**PROBLEM DESCRIPTION**
Would you transcribe each entry that follows word for word, minus the images?

(Extracted records)

BEGIN

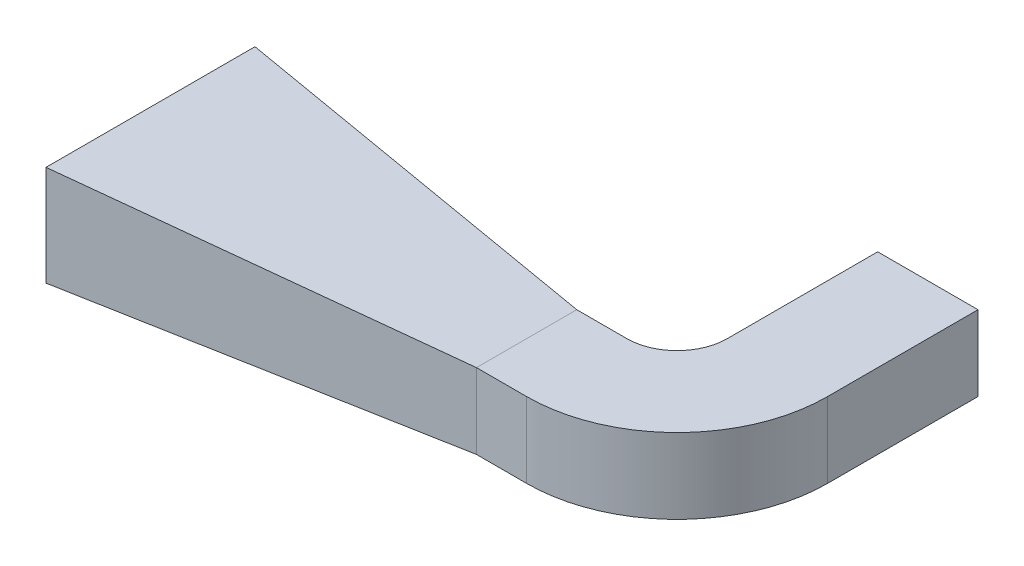
SolidWorks part; units mm, degrees
ref_plane "前视基准面" through (0, 0, 0) normal (0, 0, 1) x (1, 0, 0)
ref_plane "上视基准面" through (0, 0, 0) normal (0, 1, 0) x (1, 0, 0)
ref_plane "右视基准面" through (0, 0, 0) normal (1, 0, 0) x (0, 0, -1)
other "Configuration Table"
sketch "草图1" plane through (0, 0, 0) normal (1, 0, 0) x (0, 0, -1)
  line L1 (-250, 120) -> (250, 120)
  line L2 (-250, 120) -> (-250, -120)
  line L3 (-250, -120) -> (250, -120)
  line L4 (250, 120) -> (250, -120)
  line L5 (-250, 120) -> (250, -120) construction
  line L6 (-250, -120) -> (250, 120) construction
  point P0 (0, 0)
  dimension "D1" = 500
  dimension "D2" = 240
ref_plane "基准面1" through (900, 0, 0) normal (1, 0, 0) x (0, 0, -1)
sketch "草图2" plane through (900, 0, 0) normal (1, 0, 0) x (0, 0, -1)
  line L1 (-120, 90) -> (120, 90)
  line L2 (-120, 90) -> (-120, -90)
  line L3 (-120, -90) -> (120, -90)
  line L4 (120, 90) -> (120, -90)
  line L5 (-120, 90) -> (120, -90) construction
  line L6 (-120, -90) -> (120, 90) construction
  point P0 (0, 0)
  point P6 (0, 0)
  dimension "D1" = 240
  dimension "D2" = 180
loft "放样1" add profiles "草图2", "草图1" connector at (900, 90, 120) connector at (0, 120, 250)
ref_plane "基准面2" through (0, 0, 0) normal (0, 1, 0) x (1, 0, 0)
extrude "凸台-拉伸2" add sketch "草图2<5>" along normal blind 120
sketch "草图2<5>" plane through (900, 0, 0) normal (1, 0, 0) x (0, 0, -1) same geometry as "草图2"
ref_plane "基准面4" through (1020, 0, 0) normal (1, 0, 0) x (0, 0, -1)
sketch "草图10" plane through (1020, 0, 0) normal (1, 0, 0) x (0, 0, -1)
  line L0 (120, 90) -> (120, -90) construction
  line L1 (-120, -90) -> (120, -90) construction
  line L2 (-120, 90) -> (-120, -90) construction
  line L3 (-120, 90) -> (120, 90) construction
  line L4 (120, 90) -> (120, -90)
  line L5 (-120, -90) -> (120, -90)
  line L6 (-120, 90) -> (-120, -90)
  line L7 (-120, 90) -> (120, 90)
  line L8 (240, 90) -> (240, -126.9882) construction
  dimension "D1" = 240
revolve "旋转2" add sketch "草图10" angle 90 about L8 reverse direction yes
ref_plane "基准面5" through (0, 0, -240) normal (0, 0, -1) x (-1, 0, 0)
sketch "草图11" plane through (0, 0, -240) normal (0, 0, -1) x (-1, 0, 0)
  line L0 (-1140, -90) -> (-1140, 90) construction
  line L1 (-1380, -90) -> (-1140, -90) construction
  line L2 (-1380, 90) -> (-1380, -90) construction
  line L3 (-1140, 90) -> (-1380, 90) construction
  line L4 (-1140, -90) -> (-1140, 90)
  line L5 (-1380, -90) -> (-1140, -90)
  line L6 (-1380, 90) -> (-1380, -90)
  line L7 (-1140, 90) -> (-1380, 90)
extrude "凸台-拉伸3" add sketch "草图11" along normal blind 360
ref_plane "基准面6" through (0, 0, 0) normal (-1, 0, 0) x (0, 0, 1)
sketch "草图13" plane through (0, 0, 0) normal (-1, 0, 0) x (0, 0, 1)
  line L0 (-250, -120) -> (-250, 120) construction
  line L1 (250, -120) -> (-250, -120) construction
  line L2 (250, 120) -> (250, -120) construction
  line L3 (-250, 120) -> (250, 120) construction
  line L4 (-250, -120) -> (-250, 120) construction
  line L5 (250, -120) -> (-250, -120) construction
  line L6 (250, 120) -> (250, -120) construction
  line L7 (-250, 120) -> (250, 120) construction
  circle A0 centre (225, -100) radius 7.5
  circle A1 centre (175, -100) radius 7.5
  circle A2 centre (125, -100) radius 7.5
  circle A3 centre (75, -100) radius 7.5
  circle A4 centre (25, -100) radius 7.5
  circle A5 centre (-25, -100) radius 7.5
  circle A6 centre (-75, -100) radius 7.5
  circle A7 centre (-125, -100) radius 7.5
  circle A8 centre (-175, -100) radius 7.5
  circle A9 centre (-225, -100) radius 7.5
  circle A10 centre (175, -50) radius 7.5
  circle A11 centre (125, -50) radius 7.5
  circle A12 centre (75, -50) radius 7.5
  circle A13 centre (25, -50) radius 7.5
  circle A14 centre (-25, -50) radius 7.5
  circle A15 centre (-75, -50) radius 7.5
  circle A16 centre (-125, -50) radius 7.5
  circle A17 centre (-175, -50) radius 7.5
  circle A18 centre (-225, -50) radius 7.5
  circle A19 centre (175, 0) radius 7.5
  circle A20 centre (125, 0) radius 7.5
  circle A21 centre (75, 0) radius 7.5
  circle A22 centre (25, 0) radius 7.5
  circle A23 centre (-25, 0) radius 7.5
  circle A24 centre (-75, 0) radius 7.5
  circle A25 centre (-125, 0) radius 7.5
  circle A26 centre (-175, 0) radius 7.5
  circle A27 centre (-225, 0) radius 7.5
  circle A28 centre (175, 50) radius 7.5
  circle A29 centre (125, 50) radius 7.5
  circle A30 centre (75, 50) radius 7.5
  circle A31 centre (25, 50) radius 7.5
  circle A32 centre (-25, 50) radius 7.5
  circle A33 centre (-75, 50) radius 7.5
  circle A34 centre (-125, 50) radius 7.5
  circle A35 centre (-175, 50) radius 7.5
  circle A36 centre (-225, 50) radius 7.5
  circle A37 centre (175, 100) radius 7.5
  circle A38 centre (125, 100) radius 7.5
  circle A39 centre (75, 100) radius 7.5
  circle A40 centre (25, 100) radius 7.5
  circle A41 centre (-25, 100) radius 7.5
  circle A42 centre (-75, 100) radius 7.5
  circle A43 centre (-125, 100) radius 7.5
  circle A44 centre (-175, 100) radius 7.5
  circle A45 centre (-225, 100) radius 7.5
  circle A46 centre (225, -50) radius 7.5
  circle A47 centre (225, 0) radius 7.5
  circle A48 centre (225, 50) radius 7.5
  circle A49 centre (225, 100) radius 7.5
  dimension "D1" = 15
  dimension "D2" = 25
  dimension "D3" = 20
  dimension "D4" = 10
  dimension "D5" = 5
extrude "凸台-拉伸4" add sketch "草图13" along normal blind 10

END

**SOLVED EXERCISE**
SolidWorks part; units mm, degrees
ref_plane "前视基准面" through (0, 0, 0) normal (0, 0, 1) x (1, 0, 0)
ref_plane "上视基准面" through (0, 0, 0) normal (0, 1, 0) x (1, 0, 0)
ref_plane "右视基准面" through (0, 0, 0) normal (1, 0, 0) x (0, 0, -1)
other "Configuration Table"
sketch "草图1" plane through (0, 0, 0) normal (1, 0, 0) x (0, 0, -1)
  line L1 (-250, 120) -> (250, 120)
  line L2 (-250, 120) -> (-250, -120)
  line L3 (-250, -120) -> (250, -120)
  line L4 (250, 120) -> (250, -120)
  line L5 (-250, 120) -> (250, -120) construction
  line L6 (-250, -120) -> (250, 120) construction
  point P0 (0, 0)
  dimension "D1" = 500
  dimension "D2" = 240
ref_plane "基准面1" through (900, 0, 0) normal (1, 0, 0) x (0, 0, -1)
sketch "草图2" plane through (900, 0, 0) normal (1, 0, 0) x (0, 0, -1)
  line L1 (-120, 90) -> (120, 90)
  line L2 (-120, 90) -> (-120, -90)
  line L3 (-120, -90) -> (120, -90)
  line L4 (120, 90) -> (120, -90)
  line L5 (-120, 90) -> (120, -90) construction
  line L6 (-120, -90) -> (120, 90) construction
  point P0 (0, 0)
  point P6 (0, 0)
  dimension "D1" = 240
  dimension "D2" = 180
loft "放样1" add profiles "草图2", "草图1" connector at (900, 90, 120) connector at (0, 120, 250)
ref_plane "基准面2" through (0, 0, 0) normal (0, 1, 0) x (1, 0, 0)
extrude "凸台-拉伸2" add sketch "草图2<5>" along normal blind 120
sketch "草图2<5>" plane through (900, 0, 0) normal (1, 0, 0) x (0, 0, -1) same geometry as "草图2"
ref_plane "基准面4" through (1020, 0, 0) normal (1, 0, 0) x (0, 0, -1)
sketch "草图10" plane through (1020, 0, 0) normal (1, 0, 0) x (0, 0, -1)
  line L0 (120, 90) -> (120, -90) construction
  line L1 (-120, -90) -> (120, -90) construction
  line L2 (-120, 90) -> (-120, -90) construction
  line L3 (-120, 90) -> (120, 90) construction
  line L4 (120, 90) -> (120, -90)
  line L5 (-120, -90) -> (120, -90)
  line L6 (-120, 90) -> (-120, -90)
  line L7 (-120, 90) -> (120, 90)
  line L8 (240, 90) -> (240, -126.9882) construction
  dimension "D1" = 240
revolve "旋转2" add sketch "草图10" angle 90 about L8 reverse direction yes
ref_plane "基准面5" through (0, 0, -240) normal (0, 0, -1) x (-1, 0, 0)
sketch "草图11" plane through (0, 0, -240) normal (0, 0, -1) x (-1, 0, 0)
  line L0 (-1140, -90) -> (-1140, 90) construction
  line L1 (-1380, -90) -> (-1140, -90) construction
  line L2 (-1380, 90) -> (-1380, -90) construction
  line L3 (-1140, 90) -> (-1380, 90) construction
  line L4 (-1140, -90) -> (-1140, 90)
  line L5 (-1380, -90) -> (-1140, -90)
  line L6 (-1380, 90) -> (-1380, -90)
  line L7 (-1140, 90) -> (-1380, 90)
extrude "凸台-拉伸3" add sketch "草图11" along normal blind 360
ref_plane "基准面6" through (0, 0, 0) normal (-1, 0, 0) x (0, 0, 1)
sketch "草图13" plane through (0, 0, 0) normal (-1, 0, 0) x (0, 0, 1)
  line L0 (-250, -120) -> (-250, 120) construction
  line L1 (250, -120) -> (-250, -120) construction
  line L2 (250, 120) -> (250, -120) construction
  line L3 (-250, 120) -> (250, 120) construction
  line L4 (-250, -120) -> (-250, 120) construction
  line L5 (250, -120) -> (-250, -120) construction
  line L6 (250, 120) -> (250, -120) construction
  line L7 (-250, 120) -> (250, 120) construction
  circle A0 centre (225, -100) radius 7.5
  circle A1 centre (175, -100) radius 7.5
  circle A2 centre (125, -100) radius 7.5
  circle A3 centre (75, -100) radius 7.5
  circle A4 centre (25, -100) radius 7.5
  circle A5 centre (-25, -100) radius 7.5
  circle A6 centre (-75, -100) radius 7.5
  circle A7 centre (-125, -100) radius 7.5
  circle A8 centre (-175, -100) radius 7.5
  circle A9 centre (-225, -100) radius 7.5
  circle A10 centre (175, -50) radius 7.5
  circle A11 centre (125, -50) radius 7.5
  circle A12 centre (75, -50) radius 7.5
  circle A13 centre (25, -50) radius 7.5
  circle A14 centre (-25, -50) radius 7.5
  circle A15 centre (-75, -50) radius 7.5
  circle A16 centre (-125, -50) radius 7.5
  circle A17 centre (-175, -50) radius 7.5
  circle A18 centre (-225, -50) radius 7.5
  circle A19 centre (175, 0) radius 7.5
  circle A20 centre (125, 0) radius 7.5
  circle A21 centre (75, 0) radius 7.5
  circle A22 centre (25, 0) radius 7.5
  circle A23 centre (-25, 0) radius 7.5
  circle A24 centre (-75, 0) radius 7.5
  circle A25 centre (-125, 0) radius 7.5
  circle A26 centre (-175, 0) radius 7.5
  circle A27 centre (-225, 0) radius 7.5
  circle A28 centre (175, 50) radius 7.5
  circle A29 centre (125, 50) radius 7.5
  circle A30 centre (75, 50) radius 7.5
  circle A31 centre (25, 50) radius 7.5
  circle A32 centre (-25, 50) radius 7.5
  circle A33 centre (-75, 50) radius 7.5
  circle A34 centre (-125, 50) radius 7.5
  circle A35 centre (-175, 50) radius 7.5
  circle A36 centre (-225, 50) radius 7.5
  circle A37 centre (175, 100) radius 7.5
  circle A38 centre (125, 100) radius 7.5
  circle A39 centre (75, 100) radius 7.5
  circle A40 centre (25, 100) radius 7.5
  circle A41 centre (-25, 100) radius 7.5
  circle A42 centre (-75, 100) radius 7.5
  circle A43 centre (-125, 100) radius 7.5
  circle A44 centre (-175, 100) radius 7.5
  circle A45 centre (-225, 100) radius 7.5
  circle A46 centre (225, -50) radius 7.5
  circle A47 centre (225, 0) radius 7.5
  circle A48 centre (225, 50) radius 7.5
  circle A49 centre (225, 100) radius 7.5
  dimension "D1" = 15
  dimension "D2" = 25
  dimension "D3" = 20
  dimension "D4" = 10
  dimension "D5" = 5
extrude "凸台-拉伸4" add sketch "草图13" along normal blind 10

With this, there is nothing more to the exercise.